AbstractNeuroinflammation, whose distinctive sign is the activation of microglia, is supposed to play a key role in the development and progression of neurodegenerative diseases. The aim of this investigation was to determine levels of neurosteroids produced by resting and injured BV-2 microglial cells. BV-2 cells were exposed to increasing concentrations of rotenone to progressively reduce their viability by increasing reactive oxygen species (ROS) production.
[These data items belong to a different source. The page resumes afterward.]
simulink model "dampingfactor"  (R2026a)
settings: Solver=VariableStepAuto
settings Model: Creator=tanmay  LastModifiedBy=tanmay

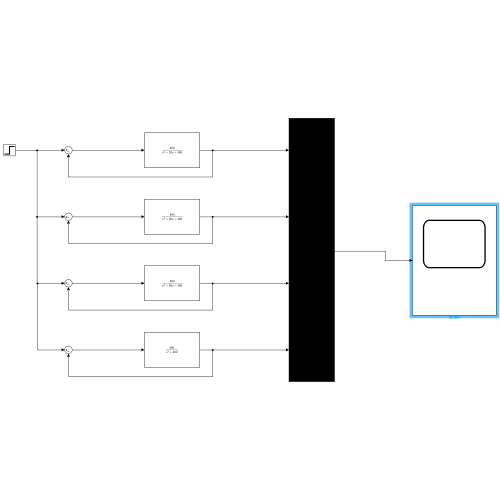
[thumbnail: Simulink's stored preview of the top-level diagram]
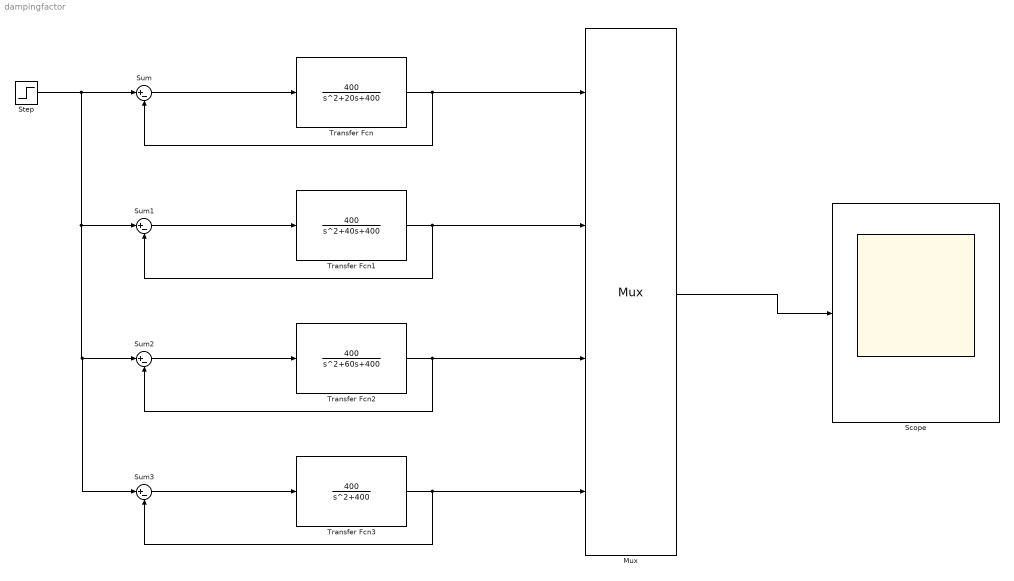
== system dampingfactor ==
  Mux : Mux
  Scope : Scope
      settings: ActiveDisplayYMinimum=-0.12485567034662236  ActiveDisplayYMaximum=1.1237010331196016
  Step : Step  SampleTime=0
  Sum{,1..3} (4 alike) : Sum  Inputs=|+-
  Transfer Fcn : TransferFcn  Numerator=[400]  Denominator=[1 20 400]
  Transfer Fcn1 : TransferFcn  Numerator=[400]  Denominator=[1 40 400]
  Transfer Fcn2 : TransferFcn  Numerator=[400]  Denominator=[1 60 400]
  Transfer Fcn3 : TransferFcn  Numerator=[400]  Denominator=[1 0 400]
  wires:
  Mux/1 -> Scope/1
  Transfer Fcn/1 -> Sum/2, Mux/1
  Sum/1 -> Transfer Fcn/1
  Step/1 -> Sum3/1, Sum2/1, Sum1/1, Sum/1
  Transfer Fcn1/1 -> Mux/2, Sum1/2
  Sum1/1 -> Transfer Fcn1/1
  Transfer Fcn2/1 -> Mux/3, Sum2/2
  Sum2/1 -> Transfer Fcn2/1
  Transfer Fcn3/1 -> Mux/4, Sum3/2
  Sum3/1 -> Transfer Fcn3/1

BV-2 cell viability was significantly reduced 24, 48 and 72 h after rotenone (50-1000 nM) exposure. Concomitantly, rotenone (50-100 nM) determined a dose-independent augmentation of ROS production. Then, BV-2 cells were exposed to a single, threshold dose of rotenone (75 nM) to evaluate the overtime release of neurosteroids. In particular, pregnenolone, pregnenolone sulfate, progesterone, 5α-dihydroprogesterone (5α-DHP), allopregnanolone, and pregnanolone, were quantified in the culture medium by liquid chromatography with tandem mass spectrometry (LC-MS/MS) analysis. BV-2 cells synthesized all the investigated neurosteroids and, after exposure to rotenone, 5αDHP and pregnanolone production was remarkably increased. In conclusion, we found that BV-2 cells not only synthesize several neurosteroids, but further increase this production following oxidative damage. Pregnanolone and 5α-DHP may play a role in modifying the progression of neuroinflammation in neurodegenerative diseases.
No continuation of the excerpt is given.